Last week, the Illinois Supreme Court settled the question of how interest should be calculated on property tax refunds when it ruled on General Motors Corporation v. Pappas. This follows the Illinois General Assembly’s amendment to the interest provisions specified in the Property Tax Code which became law in August 2005. For property tax refunds involving taxes paid prior to December 31, 2005, interest will be calculated at 5% through the end of 2005. From January 1, 2006 forward, interest on those refunds will be calculated at the lesser of 5% or the percentage increase in the Consumer Price Increase (CPI). Additionally, those taxpayers in Cook County who challenged the Treasurer’s use of the CPI interest rate for all years on refunds paid after January 1, 2006 are entitled to an additional judgment interest rate of 6% on the difference between the interest they would have been entitled to under the ruling and what they received from the Treasurer. The Court’s ruling affects property tax refunds from all sources, including valuation and tax rate objections, PTAB appeals, and certificates of error.

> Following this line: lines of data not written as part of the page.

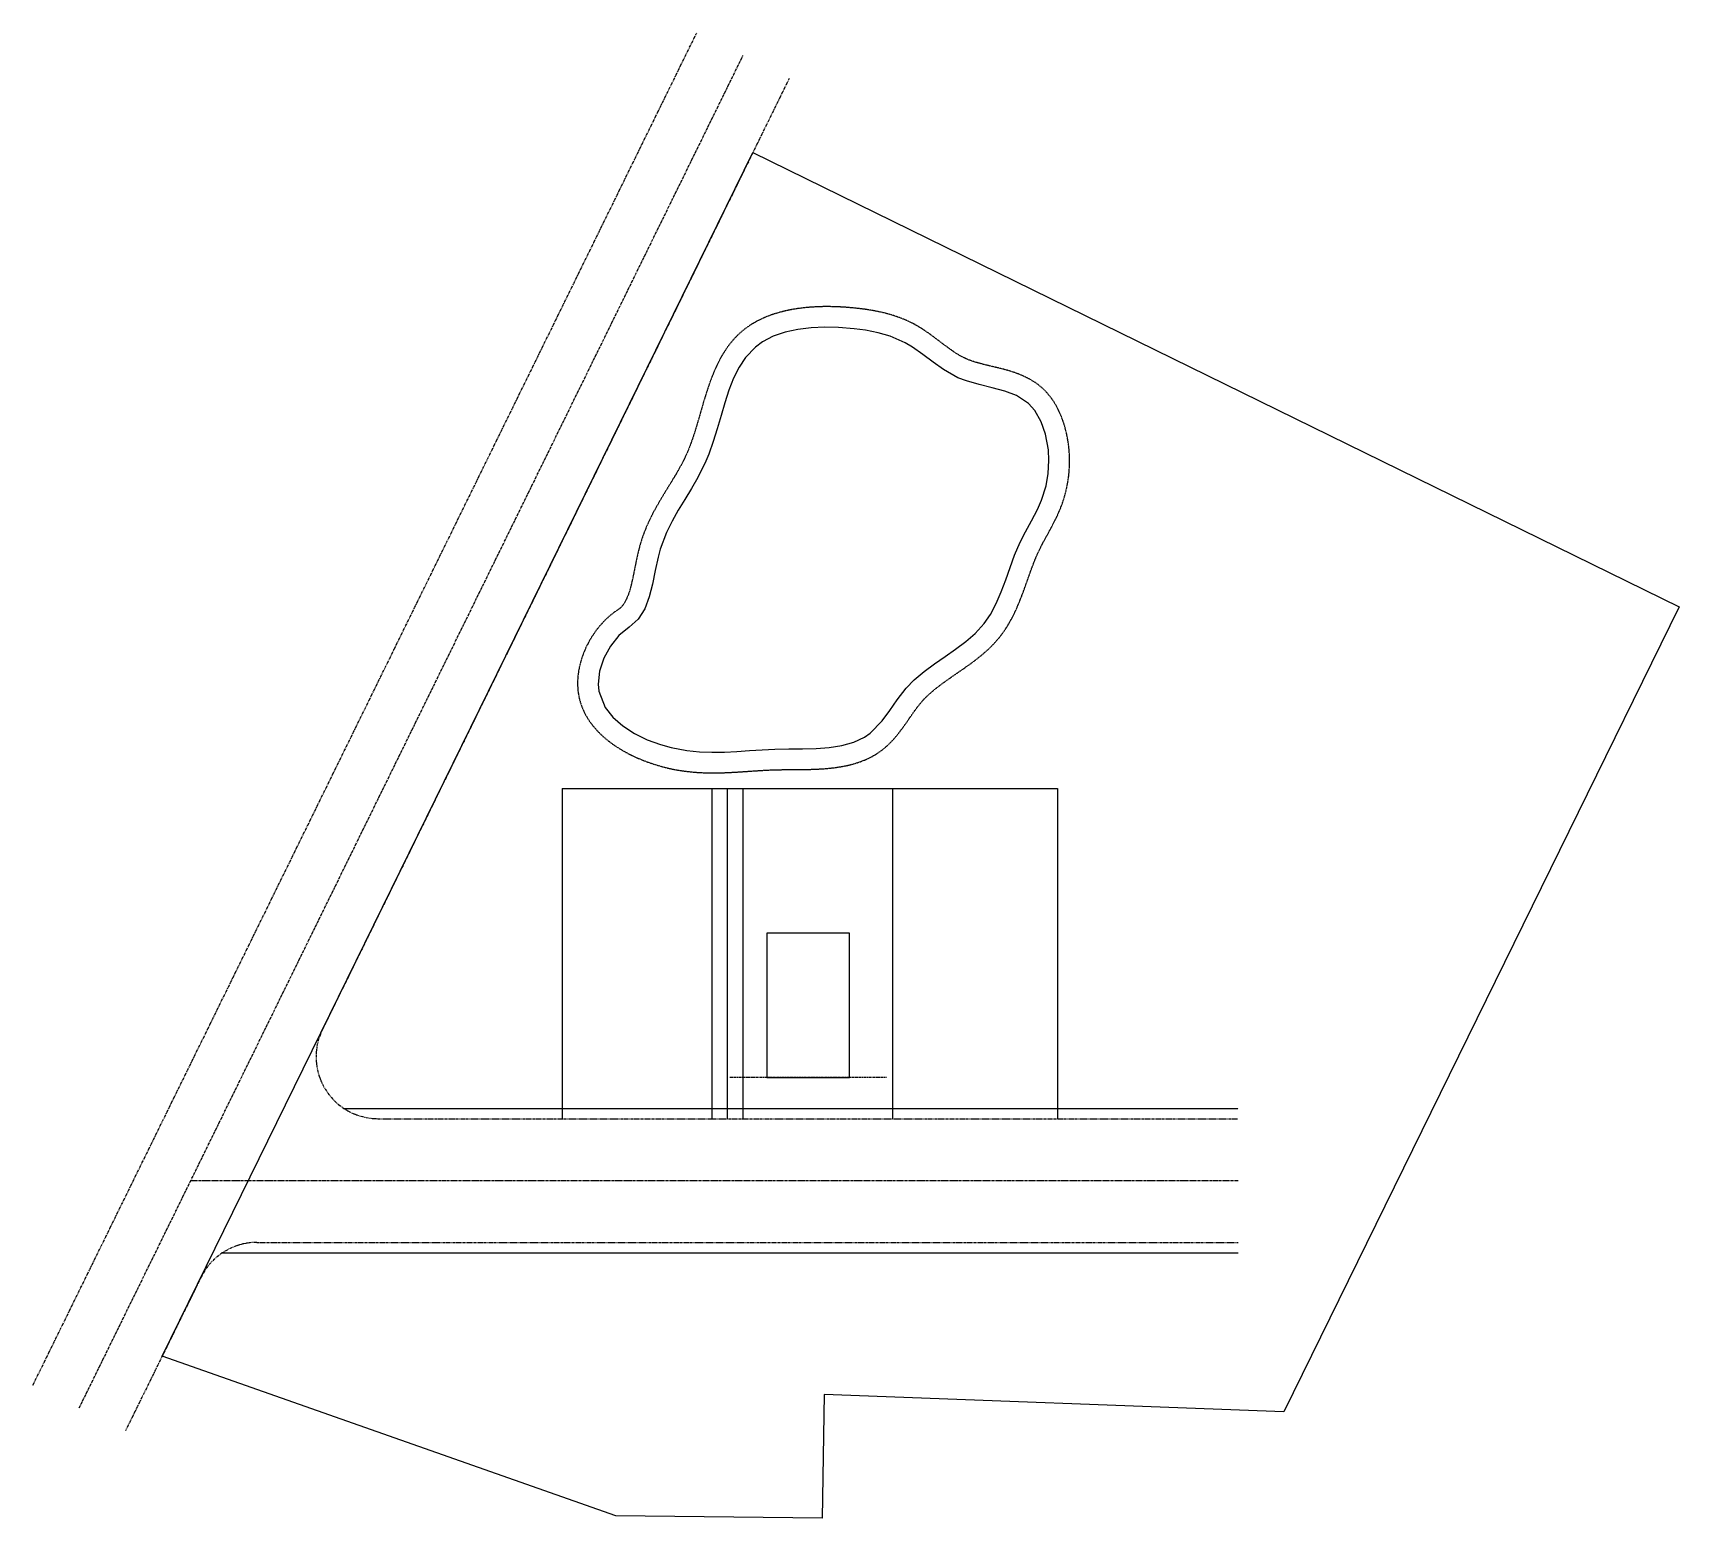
# Model space of a CAD drawing. Header units: inches. Extents: x 8 to 806, y -46 to 674.
import ezdxf

# ---------------------------------------------------------------- set-up
doc = ezdxf.new("R2010")
doc.units = ezdxf.units.IN
doc.header["$MEASUREMENT"] = 0
for name, pattern in [('CENTER', [2, 1.25, -0.25, 0.25, -0.25]), ('DASHED', [0.75, 0.5, -0.25]), ('HIDDEN', [0.375, 0.25, -0.125]), ('PHANTOM', [2.5, 1.25, -0.25, 0.25, -0.25, 0.25, -0.25])]:
    doc.linetypes.add(name, pattern=pattern)
for name, color, linetype in [('BUILDING', 3, 'Continuous'), ('CL', 8, 'CENTER'), ('EASEMENT', 2, 'HIDDEN'), ('LOT', 6, 'Continuous'), ('PL', 5, 'Continuous'), ('POND', 4, 'Continuous'), ('ROW', 1, 'PHANTOM'), ('SETBACK', 4, 'DASHED')]:
    doc.layers.add(name, color=color, linetype=linetype)

# ---------------------------------------------------------------- blocks, each defined once
blk = doc.blocks.new('*U2')
at = {"flags": 128}
blk.add_lwpolyline([(-20, 0), (20, 0), (20, 70), (-20, 70), (-20, 0)], close=True, dxfattribs=at)

msp = doc.modelspace()

# ---------------------------------------------------------------- linework, layer by layer
at = {"layer": 'CL'}
for p, q in [((84.81, 117.54), (84.81, 117.54)), ((84.81, 117.53), (592.49, 117.54))]:
    msp.add_line(p, q, dxfattribs=at)
at = {"layer": 'CL', "flags": 128}
msp.add_lwpolyline([(30.72, 7.3), (352.42, 662.91)], dxfattribs=at)
at = {"layer": 'EASEMENT'}
for p, q in [((337.31, 307.05), (337.31, 147.54)), ((352.31, 307.05), (352.31, 147.54)), ((158.94, 152.54), (592.49, 152.54)), ((100.16, 82.54), (592.49, 82.54))]:
    msp.add_line(p, q, dxfattribs=at)
at = {"layer": 'EASEMENT', "flags": 128}
msp.add_lwpolyline([(291.8, 394.23), (291.29, 393.9), (290.8, 393.56), (290.31, 393.21), (289.82, 392.86), (289.34, 392.5), (288.87, 392.13), (288.41, 391.76), (287.95, 391.38), (287.5, 390.99), (287.05, 390.6), (286.61, 390.2), (286.18, 389.79), (285.76, 389.38), (285.33, 388.96), (284.92, 388.54), (284.51, 388.11), (284.11, 387.68), (283.71, 387.24), (283.32, 386.79), (282.94, 386.34), (282.56, 385.89), (282.19, 385.43), (281.82, 384.96), (281.46, 384.49), (281.11, 384.02), (280.76, 383.54), (280.42, 383.06), (280.09, 382.57), (279.76, 382.08), (279.43, 381.58), (279.12, 381.08), (278.81, 380.58), (278.5, 380.07), (278.2, 379.56), (277.91, 379.05), (277.63, 378.53), (277.35, 378.01), (277.08, 377.48), (276.81, 376.95), (276.55, 376.42), (276.3, 375.89), (276.05, 375.35), (275.81, 374.81), (275.58, 374.26), (275.36, 373.71), (275.14, 373.16), (274.93, 372.61), (274.72, 372.05), (274.52, 371.49), (274.34, 370.93), (274.15, 370.37), (273.98, 369.8), (273.81, 369.23), (273.65, 368.66), (273.5, 368.08), (273.36, 367.51), (273.22, 366.93), (273.09, 366.34), (272.98, 365.76), (272.86, 365.17), (272.76, 364.58), (272.67, 363.99), (272.59, 363.4), (272.51, 362.81), (272.45, 362.21), (272.39, 361.61), (272.34, 361.01), (272.31, 360.41), (272.28, 359.81), (272.26, 359.2), (272.26, 358.59), (272.26, 357.99), (272.28, 357.38), (272.31, 356.77), (272.35, 356.15), (272.4, 355.54), (272.46, 354.93), (272.53, 354.31), (272.62, 353.7), (272.72, 353.09), (272.83, 352.48), (272.96, 351.87), (273.09, 351.27), (273.24, 350.67), (273.4, 350.08), (273.57, 349.49), (273.75, 348.91), (273.94, 348.33), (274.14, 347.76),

As we published in a July 10, 2009 FR Alert reporting on the Appellate Court ruling in this case, the 2005 amendments to Section 23-20 of the Property Tax Code changed the interest rate on property tax refunds from 5% per year to “the lesser of 5% or the percentage increase in the Consumer Price Index” for the calendar year preceding the levy year for which the refund was made. The effective date of the amendment was January 1, 2006 regardless of when those taxes were paid. The Cook County Treasurer interpreted the amended statute to apply retroactively so that all interest would be calculated using the CPI rate for any refund issued after January 1, 2006. The objectors took the position that interest should be calculated at 5% per year for every year in any objection in which taxes were paid before January 1, 2006, arguing they had a vested right in the higher interest rate. The Circuit Court adopted a hybrid approach, ruling that interest should be calculated at 5% up to January 1, 2006 and then at the lower CPI rate after that date. The First District Appellate Court then upheld that ruling in its 2009 decision.
The Illinois Supreme Court agreed with the bifurcated interest rate approach adopted by the Circuit Court and upheld by the Appellate Court. The Court noted that the interest rate applied to property tax refunds is a creature of statute that the General Assembly can change at any time, so long as the change doesn’t interfere with any vested rights. The Court found that the prospective application of the new interest rate after January 1, 2006 did not interfere with any vested rights.
Also before the Court was the question of whether the taxpayers that challenged the Cook County Treasurer’s use of the CPI interest rate on all refunds issued after January 1, 2006 were entitled to 6% judgment interest under the Code of Civil Procedure on the difference between the interest they received under the Treasurer’s approach and what they were entitled to under the hybrid, bifurcated interest approach. The Court found the taxpayers were entitled to judgment interest on that difference. In Sears Holding Corp. v. Pappas, another case that was the subject of a FR Alert, the First District Appellate Court held that because the Property Tax Code already provided for interest on property tax refunds, the application of judgment interest under the Code of Civil Procedure in addition to statutory interest was improper and tantamount to compound interest. In General Motors, Illinois Supreme Court overruled this part of the Sears Holding Corp. decision. The Court found that judgment interest was incidental to the judgment itself. The judgment entitled taxpayers to a sum certain and that the application of judgment interest was therefore not compound interest. Further, judgment interest was found to be necessary to preserve the economic value of the judgment while the case was being appealed.
Overall, the outcome is mixed for school districts and other units of local government. Positively, the CPI to be used in the statutory interest rate calculations has been below 5% since January 1, 2006, and accordingly, the principal and interest to be refunded to taxpayers will be less than it would have been if the Court had adopted the taxpayer’s position of 5% interest across the board. On the other hand, the concept of judgment interest on those refunds now deemed underpaid by the Treasurer introduces additional refunds on cases previously closed on the Treasurer’s books. Overall, the decision resolves an open question in the tax appeal process, bringing needed certainty to potential refunds. This certainty will allow units of local government and their counsel to accurately estimate the amount of interest that will be added to refunds resulting from settlements or decisions in assessment and tax rate litigation.